A flulike illness, transmitted by animal urine and usually regarded as a rural threat, appears to be a common inner-city hazard, according to researchers at the Johns Hopkins School of Hygiene and Public Health.
Writing in the journal Annals of Internal Medicine, the scientists described three severe cases of leptospirosis in Baltimore and found strong evidence that the victims were infected through cuts suffered in rat-infested alleys.
A 1992 Baltimore study that revealed that many inner-city residents have developed antibodies from exposure to the bacteria.
"Leptospirosis may be the most common disease that rats carry and transmit to humans in the United States," the study said. "It's simply under-recognized."
Five cases have been reported in Maryland in the past eight years, said Dr. Diane M. Dwyer, state epidemiologist. Nationally, an average of about 60 cases a year were confirmed by the Centers for Disease Control and Prevention before 1995, when leptospirosis was dropped as a nationally reportable illness.
Leptospirosis typically causes aches, pains and fever that go away on their own. But one in 10 cases includes high fever, jaundice, meningitis (inflammation of the brain lining), acute kidney failure, internal bleeding and, occasionally, death. It is treatable with antibiotics.

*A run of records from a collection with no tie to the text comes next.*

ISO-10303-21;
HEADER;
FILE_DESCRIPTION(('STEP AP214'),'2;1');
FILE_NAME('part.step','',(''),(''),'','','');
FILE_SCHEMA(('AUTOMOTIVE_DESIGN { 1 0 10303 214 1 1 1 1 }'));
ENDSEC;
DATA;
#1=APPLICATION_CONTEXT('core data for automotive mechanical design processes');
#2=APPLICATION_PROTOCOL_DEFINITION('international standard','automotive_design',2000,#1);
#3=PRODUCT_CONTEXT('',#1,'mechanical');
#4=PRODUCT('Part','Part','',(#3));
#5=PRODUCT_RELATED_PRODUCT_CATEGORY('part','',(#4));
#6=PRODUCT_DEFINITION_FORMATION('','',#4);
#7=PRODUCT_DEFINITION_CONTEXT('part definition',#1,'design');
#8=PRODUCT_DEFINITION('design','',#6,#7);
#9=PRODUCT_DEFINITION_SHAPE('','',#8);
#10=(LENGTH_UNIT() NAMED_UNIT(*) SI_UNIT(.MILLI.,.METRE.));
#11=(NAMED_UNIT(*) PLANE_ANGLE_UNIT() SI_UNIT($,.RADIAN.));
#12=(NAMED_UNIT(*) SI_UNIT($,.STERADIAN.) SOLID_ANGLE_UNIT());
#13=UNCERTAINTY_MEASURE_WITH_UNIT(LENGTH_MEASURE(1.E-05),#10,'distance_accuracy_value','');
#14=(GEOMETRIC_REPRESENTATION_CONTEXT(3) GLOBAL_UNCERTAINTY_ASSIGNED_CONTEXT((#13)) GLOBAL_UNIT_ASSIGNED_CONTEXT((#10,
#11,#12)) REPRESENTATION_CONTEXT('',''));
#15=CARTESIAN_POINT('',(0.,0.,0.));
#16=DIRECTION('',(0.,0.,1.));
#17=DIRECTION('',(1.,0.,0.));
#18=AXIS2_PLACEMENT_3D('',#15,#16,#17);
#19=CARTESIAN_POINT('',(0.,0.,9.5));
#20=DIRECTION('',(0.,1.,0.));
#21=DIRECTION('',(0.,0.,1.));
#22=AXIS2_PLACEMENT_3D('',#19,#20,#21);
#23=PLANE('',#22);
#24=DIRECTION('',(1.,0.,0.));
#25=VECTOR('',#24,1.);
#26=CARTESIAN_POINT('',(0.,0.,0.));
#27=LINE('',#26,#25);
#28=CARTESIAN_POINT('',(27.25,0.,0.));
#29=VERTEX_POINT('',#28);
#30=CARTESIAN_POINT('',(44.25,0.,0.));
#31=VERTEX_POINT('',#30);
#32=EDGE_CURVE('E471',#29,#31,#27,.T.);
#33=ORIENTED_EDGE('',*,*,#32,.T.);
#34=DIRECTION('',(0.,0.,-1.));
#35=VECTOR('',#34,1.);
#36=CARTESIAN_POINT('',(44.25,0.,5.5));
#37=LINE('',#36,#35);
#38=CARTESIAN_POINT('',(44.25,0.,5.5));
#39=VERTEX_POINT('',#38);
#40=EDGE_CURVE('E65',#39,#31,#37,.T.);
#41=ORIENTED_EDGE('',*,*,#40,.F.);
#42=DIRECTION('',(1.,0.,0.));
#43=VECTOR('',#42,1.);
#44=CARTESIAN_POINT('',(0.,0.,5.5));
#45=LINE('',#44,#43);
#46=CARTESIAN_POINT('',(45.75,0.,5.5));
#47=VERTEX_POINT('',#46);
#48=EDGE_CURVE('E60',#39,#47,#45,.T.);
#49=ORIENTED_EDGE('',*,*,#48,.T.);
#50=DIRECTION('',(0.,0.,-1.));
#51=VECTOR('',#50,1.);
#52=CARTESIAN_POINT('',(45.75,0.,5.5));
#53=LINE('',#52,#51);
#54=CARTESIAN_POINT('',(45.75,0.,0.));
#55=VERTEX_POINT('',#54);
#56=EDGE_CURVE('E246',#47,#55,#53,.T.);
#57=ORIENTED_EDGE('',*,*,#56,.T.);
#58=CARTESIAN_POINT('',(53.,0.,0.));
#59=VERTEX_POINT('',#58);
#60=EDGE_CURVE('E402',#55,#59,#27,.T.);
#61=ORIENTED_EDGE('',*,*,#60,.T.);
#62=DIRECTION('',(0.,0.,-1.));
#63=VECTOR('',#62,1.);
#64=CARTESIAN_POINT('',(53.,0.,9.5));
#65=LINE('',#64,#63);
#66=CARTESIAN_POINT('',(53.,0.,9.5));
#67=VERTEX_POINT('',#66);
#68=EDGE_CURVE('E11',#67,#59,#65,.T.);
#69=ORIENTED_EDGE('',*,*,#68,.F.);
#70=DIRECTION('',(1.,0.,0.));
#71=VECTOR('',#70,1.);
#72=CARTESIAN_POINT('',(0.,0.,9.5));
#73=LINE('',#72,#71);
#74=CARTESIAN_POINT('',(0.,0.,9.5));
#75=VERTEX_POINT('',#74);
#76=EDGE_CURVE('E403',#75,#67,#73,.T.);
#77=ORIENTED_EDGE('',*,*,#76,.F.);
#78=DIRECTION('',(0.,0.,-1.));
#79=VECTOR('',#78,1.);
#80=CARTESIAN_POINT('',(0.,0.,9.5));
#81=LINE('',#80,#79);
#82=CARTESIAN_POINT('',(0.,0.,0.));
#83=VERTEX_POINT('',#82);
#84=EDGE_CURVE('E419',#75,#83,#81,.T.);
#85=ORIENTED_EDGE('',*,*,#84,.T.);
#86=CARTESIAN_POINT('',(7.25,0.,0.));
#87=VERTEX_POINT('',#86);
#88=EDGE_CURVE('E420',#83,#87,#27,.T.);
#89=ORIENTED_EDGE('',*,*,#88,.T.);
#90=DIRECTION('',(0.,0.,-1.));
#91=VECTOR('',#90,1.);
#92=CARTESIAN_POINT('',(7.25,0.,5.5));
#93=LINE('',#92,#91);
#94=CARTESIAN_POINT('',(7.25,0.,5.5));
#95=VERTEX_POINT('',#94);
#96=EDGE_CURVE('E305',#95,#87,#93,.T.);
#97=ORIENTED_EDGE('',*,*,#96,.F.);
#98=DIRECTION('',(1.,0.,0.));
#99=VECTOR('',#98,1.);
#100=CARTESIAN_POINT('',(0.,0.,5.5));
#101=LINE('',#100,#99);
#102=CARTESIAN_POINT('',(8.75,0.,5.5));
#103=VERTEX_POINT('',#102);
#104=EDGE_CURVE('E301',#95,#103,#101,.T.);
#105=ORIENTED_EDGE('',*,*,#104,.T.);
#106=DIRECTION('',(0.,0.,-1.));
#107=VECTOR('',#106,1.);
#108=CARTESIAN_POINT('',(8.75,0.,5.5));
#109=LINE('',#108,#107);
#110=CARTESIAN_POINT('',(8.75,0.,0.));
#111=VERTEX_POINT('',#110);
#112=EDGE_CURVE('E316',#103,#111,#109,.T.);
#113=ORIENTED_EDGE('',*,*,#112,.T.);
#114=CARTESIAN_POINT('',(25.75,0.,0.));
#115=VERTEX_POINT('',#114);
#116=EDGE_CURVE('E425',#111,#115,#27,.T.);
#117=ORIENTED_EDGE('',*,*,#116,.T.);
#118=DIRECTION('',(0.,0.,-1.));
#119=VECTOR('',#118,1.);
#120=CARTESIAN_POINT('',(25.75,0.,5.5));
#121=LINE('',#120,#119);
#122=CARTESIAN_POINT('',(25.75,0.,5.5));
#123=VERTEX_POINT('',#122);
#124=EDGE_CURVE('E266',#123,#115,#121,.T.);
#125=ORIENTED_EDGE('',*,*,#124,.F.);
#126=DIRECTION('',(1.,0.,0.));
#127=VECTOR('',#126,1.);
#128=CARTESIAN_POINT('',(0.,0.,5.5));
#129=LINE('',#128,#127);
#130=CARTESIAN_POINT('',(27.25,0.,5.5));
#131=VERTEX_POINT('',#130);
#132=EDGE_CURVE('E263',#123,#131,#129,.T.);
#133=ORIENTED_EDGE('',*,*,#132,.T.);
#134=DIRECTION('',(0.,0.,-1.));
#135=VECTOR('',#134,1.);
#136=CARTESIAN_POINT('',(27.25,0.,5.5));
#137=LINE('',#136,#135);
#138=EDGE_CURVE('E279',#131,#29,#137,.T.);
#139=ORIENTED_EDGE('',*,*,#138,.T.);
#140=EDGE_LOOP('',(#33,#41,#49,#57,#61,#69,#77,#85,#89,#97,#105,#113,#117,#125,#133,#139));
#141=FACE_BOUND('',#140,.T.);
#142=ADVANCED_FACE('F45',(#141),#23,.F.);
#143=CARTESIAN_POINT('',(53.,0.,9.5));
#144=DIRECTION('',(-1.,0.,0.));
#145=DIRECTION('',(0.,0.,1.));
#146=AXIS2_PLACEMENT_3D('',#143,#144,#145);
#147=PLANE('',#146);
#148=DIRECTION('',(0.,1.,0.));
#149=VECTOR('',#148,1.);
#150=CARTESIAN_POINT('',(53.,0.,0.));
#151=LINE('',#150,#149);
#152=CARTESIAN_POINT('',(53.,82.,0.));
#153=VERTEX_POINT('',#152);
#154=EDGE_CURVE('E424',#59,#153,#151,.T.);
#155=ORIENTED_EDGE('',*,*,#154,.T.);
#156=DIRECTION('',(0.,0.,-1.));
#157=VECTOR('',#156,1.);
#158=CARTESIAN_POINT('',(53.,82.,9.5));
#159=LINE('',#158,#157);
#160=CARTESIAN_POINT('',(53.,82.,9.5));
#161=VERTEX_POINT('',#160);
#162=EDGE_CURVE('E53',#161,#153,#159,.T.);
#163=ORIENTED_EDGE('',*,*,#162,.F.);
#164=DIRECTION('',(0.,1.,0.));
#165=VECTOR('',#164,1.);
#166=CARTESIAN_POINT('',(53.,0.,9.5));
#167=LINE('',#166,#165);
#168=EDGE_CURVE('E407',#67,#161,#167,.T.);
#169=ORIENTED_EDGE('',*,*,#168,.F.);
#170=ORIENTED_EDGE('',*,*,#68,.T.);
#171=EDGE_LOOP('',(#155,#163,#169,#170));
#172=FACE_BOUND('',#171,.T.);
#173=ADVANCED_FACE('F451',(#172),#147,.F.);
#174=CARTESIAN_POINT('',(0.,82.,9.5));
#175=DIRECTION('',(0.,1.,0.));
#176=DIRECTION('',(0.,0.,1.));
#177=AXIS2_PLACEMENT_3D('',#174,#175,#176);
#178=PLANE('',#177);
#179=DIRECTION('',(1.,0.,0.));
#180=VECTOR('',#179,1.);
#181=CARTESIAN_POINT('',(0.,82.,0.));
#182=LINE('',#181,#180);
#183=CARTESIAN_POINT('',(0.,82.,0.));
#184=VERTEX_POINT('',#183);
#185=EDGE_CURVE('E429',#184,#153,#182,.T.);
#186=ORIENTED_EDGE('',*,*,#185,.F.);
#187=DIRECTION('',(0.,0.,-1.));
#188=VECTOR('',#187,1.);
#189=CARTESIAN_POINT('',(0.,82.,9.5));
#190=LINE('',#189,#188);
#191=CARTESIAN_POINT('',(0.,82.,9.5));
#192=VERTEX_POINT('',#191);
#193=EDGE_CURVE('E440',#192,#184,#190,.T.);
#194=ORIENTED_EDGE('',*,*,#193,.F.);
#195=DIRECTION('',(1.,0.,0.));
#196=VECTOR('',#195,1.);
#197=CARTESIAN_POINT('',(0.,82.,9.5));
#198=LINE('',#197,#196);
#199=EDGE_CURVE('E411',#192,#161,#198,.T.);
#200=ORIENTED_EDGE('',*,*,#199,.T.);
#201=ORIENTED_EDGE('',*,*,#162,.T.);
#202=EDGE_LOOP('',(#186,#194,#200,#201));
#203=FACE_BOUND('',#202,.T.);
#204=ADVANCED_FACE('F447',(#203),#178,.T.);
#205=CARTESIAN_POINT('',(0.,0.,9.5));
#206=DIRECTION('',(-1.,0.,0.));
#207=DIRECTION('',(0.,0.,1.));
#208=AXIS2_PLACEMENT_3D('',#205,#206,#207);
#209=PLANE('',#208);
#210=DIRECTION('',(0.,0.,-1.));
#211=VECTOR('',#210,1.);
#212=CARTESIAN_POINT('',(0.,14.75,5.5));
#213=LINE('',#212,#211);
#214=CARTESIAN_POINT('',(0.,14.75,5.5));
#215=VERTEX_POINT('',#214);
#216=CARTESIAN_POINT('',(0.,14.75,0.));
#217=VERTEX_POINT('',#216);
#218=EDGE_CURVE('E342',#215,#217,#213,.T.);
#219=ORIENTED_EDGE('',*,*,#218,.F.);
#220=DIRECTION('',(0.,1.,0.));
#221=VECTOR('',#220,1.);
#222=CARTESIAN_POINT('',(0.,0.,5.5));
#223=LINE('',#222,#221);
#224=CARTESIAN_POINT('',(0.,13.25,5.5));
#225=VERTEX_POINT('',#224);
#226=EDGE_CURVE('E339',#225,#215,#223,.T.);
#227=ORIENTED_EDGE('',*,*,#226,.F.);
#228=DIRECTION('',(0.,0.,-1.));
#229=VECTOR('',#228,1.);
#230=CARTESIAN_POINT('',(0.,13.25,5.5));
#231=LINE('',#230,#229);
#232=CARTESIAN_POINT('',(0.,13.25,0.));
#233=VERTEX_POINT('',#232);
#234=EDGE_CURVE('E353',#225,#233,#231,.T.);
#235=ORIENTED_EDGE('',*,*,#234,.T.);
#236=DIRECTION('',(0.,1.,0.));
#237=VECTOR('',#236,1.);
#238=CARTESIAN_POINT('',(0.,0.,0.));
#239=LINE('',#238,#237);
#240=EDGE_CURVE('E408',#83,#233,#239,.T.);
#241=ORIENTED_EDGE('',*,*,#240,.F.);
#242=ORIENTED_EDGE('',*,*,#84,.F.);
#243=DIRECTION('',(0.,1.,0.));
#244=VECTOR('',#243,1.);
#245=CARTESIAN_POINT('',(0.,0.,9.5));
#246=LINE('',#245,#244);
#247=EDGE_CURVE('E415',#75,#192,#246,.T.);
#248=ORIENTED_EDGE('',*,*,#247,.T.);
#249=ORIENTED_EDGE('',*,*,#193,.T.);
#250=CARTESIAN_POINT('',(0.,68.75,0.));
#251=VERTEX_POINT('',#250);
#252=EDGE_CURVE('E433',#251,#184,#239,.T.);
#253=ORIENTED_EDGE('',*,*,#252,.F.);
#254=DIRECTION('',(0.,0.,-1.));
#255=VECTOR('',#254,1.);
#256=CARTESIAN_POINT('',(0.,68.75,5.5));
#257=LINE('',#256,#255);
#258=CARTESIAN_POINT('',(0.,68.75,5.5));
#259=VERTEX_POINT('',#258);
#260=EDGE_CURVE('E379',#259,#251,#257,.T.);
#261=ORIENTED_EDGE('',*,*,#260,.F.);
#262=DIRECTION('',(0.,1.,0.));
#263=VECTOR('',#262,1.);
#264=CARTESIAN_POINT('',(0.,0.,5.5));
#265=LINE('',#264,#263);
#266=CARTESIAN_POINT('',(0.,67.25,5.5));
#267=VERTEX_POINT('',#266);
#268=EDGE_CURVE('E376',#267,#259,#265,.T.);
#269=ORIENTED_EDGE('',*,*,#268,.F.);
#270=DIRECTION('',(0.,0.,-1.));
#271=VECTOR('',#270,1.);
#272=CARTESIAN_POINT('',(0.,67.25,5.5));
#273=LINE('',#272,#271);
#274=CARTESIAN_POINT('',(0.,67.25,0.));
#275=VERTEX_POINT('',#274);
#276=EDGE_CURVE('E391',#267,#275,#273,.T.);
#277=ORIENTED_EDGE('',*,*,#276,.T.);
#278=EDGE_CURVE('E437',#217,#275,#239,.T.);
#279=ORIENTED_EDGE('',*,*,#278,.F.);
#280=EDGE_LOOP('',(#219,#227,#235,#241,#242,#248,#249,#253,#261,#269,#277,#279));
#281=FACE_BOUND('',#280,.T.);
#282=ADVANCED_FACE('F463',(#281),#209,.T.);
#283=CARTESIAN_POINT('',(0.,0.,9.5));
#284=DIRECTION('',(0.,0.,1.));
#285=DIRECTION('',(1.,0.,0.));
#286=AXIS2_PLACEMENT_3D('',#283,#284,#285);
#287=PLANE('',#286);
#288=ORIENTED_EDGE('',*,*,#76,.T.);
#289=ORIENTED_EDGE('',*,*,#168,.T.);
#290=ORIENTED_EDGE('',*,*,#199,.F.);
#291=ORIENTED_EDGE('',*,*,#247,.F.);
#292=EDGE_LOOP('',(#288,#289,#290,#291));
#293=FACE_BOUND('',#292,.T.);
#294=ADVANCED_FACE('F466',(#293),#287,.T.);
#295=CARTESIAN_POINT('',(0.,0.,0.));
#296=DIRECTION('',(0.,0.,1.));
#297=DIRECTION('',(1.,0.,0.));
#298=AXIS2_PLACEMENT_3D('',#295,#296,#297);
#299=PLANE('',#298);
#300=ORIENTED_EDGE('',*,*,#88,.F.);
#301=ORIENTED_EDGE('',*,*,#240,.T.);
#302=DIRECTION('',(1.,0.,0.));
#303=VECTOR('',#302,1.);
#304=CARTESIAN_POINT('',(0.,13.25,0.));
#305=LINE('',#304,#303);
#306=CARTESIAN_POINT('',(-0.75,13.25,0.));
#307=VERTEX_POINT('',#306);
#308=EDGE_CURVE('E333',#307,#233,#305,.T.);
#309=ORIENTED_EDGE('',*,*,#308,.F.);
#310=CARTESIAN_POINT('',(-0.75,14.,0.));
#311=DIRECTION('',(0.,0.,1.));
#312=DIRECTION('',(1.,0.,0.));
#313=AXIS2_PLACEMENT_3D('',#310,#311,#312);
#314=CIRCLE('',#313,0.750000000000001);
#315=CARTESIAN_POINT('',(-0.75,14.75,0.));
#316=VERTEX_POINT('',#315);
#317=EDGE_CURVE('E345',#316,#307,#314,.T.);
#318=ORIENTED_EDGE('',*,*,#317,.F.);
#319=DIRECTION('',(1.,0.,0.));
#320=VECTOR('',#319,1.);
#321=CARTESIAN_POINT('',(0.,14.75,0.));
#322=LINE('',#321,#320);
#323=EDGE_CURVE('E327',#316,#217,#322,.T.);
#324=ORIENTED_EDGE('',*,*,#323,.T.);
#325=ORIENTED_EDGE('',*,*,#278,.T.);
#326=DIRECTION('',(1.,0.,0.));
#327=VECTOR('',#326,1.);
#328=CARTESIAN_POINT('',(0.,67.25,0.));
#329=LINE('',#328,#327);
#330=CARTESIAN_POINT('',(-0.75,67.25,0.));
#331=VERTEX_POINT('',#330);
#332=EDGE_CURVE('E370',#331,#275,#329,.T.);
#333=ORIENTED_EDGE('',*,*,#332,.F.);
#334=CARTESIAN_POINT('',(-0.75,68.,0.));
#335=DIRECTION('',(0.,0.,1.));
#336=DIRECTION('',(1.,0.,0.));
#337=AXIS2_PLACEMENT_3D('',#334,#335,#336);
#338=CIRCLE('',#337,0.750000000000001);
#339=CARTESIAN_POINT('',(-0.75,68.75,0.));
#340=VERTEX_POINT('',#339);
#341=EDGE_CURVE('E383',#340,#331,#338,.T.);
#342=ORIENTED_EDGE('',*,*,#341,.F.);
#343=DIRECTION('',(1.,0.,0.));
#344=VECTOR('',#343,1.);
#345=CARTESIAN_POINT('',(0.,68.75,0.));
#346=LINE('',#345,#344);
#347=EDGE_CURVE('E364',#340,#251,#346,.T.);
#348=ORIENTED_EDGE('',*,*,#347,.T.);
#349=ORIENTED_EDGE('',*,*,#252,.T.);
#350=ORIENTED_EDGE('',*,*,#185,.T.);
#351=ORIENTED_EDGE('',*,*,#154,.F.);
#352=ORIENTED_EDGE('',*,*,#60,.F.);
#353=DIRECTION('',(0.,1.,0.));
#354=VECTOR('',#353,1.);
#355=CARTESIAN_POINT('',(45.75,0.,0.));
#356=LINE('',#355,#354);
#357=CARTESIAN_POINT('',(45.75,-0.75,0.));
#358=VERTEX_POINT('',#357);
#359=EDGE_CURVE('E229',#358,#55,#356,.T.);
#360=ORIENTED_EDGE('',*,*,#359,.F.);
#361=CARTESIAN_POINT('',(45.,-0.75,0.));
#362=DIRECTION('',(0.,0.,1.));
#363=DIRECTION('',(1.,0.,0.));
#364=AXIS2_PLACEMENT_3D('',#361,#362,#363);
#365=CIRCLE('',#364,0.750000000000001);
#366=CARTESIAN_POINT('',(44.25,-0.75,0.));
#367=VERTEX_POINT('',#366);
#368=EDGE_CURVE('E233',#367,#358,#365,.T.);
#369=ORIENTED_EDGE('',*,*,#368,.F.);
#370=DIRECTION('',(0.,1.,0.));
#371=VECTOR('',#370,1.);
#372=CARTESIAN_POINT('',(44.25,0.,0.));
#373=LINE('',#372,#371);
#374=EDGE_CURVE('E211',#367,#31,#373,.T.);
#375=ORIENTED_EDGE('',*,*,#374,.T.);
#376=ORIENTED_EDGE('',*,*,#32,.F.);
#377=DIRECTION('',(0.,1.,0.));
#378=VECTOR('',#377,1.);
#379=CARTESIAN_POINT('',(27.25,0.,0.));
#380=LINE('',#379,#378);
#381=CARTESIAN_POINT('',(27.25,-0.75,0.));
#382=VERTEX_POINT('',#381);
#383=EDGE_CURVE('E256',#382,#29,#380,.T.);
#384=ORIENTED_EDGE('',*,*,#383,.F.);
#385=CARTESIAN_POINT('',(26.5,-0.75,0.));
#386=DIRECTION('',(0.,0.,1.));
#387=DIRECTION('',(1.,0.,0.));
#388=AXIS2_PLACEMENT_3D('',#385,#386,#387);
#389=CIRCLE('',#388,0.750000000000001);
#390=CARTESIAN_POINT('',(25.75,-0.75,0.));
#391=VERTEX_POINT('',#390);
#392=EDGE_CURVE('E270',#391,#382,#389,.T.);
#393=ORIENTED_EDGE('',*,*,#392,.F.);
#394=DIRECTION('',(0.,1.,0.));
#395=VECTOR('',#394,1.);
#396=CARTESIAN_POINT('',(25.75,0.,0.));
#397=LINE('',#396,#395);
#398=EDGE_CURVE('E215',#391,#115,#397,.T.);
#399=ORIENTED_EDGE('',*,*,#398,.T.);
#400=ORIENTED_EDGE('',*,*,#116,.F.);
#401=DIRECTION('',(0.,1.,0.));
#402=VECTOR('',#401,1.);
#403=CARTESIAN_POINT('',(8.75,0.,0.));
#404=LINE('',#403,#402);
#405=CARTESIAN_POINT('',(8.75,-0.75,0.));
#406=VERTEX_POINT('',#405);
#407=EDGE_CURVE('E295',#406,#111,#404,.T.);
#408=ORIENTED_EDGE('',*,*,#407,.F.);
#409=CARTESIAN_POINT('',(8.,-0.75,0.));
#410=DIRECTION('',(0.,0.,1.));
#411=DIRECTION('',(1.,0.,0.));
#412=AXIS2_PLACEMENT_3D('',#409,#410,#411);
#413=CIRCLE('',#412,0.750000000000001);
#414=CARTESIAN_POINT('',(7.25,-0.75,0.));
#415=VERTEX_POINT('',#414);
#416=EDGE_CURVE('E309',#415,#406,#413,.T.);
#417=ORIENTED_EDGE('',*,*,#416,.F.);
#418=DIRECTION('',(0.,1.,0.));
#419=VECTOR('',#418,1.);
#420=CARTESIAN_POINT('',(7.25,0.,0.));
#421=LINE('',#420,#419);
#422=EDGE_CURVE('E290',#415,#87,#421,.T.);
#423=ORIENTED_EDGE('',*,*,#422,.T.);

Much as typhoid fever was a marker for poor sanitation in the 1920s, leptospirosis is "a marker of our social environment," said Dr. Joseph M. Vinetz, an author of the study. He is a fellow in infectious diseases at Hopkins and a fellow in parasitic diseases at the National Institutes of Health.
Vinetz thinks deteriorating economic conditions in many inner-city neighborhoods are exacerbating health risks.
Another rat-borne illness, caused by a hantavirus identified in Baltimore, is also being studied at Hopkins. Similar viruses in Korea and Finland have been linked to kidney failure in humans.
Dwyer said the Hopkins paper is evidence that "there are people who get exposed and infected who don't come to the attention of a doctor, or not so that they get diagnostic tests."
"I don't think we've got a huge leptospirosis problem," she said, but "clearly one of the things this makes us look at is, 'How good is our surveillance system?' "
Dr. Peter Beilenson, the city health commissioner, said the city might need to broaden its public school health curriculum to include warnings about infection risks. It already tries to teach children how to deprive rats in alleys of the trash they feed on.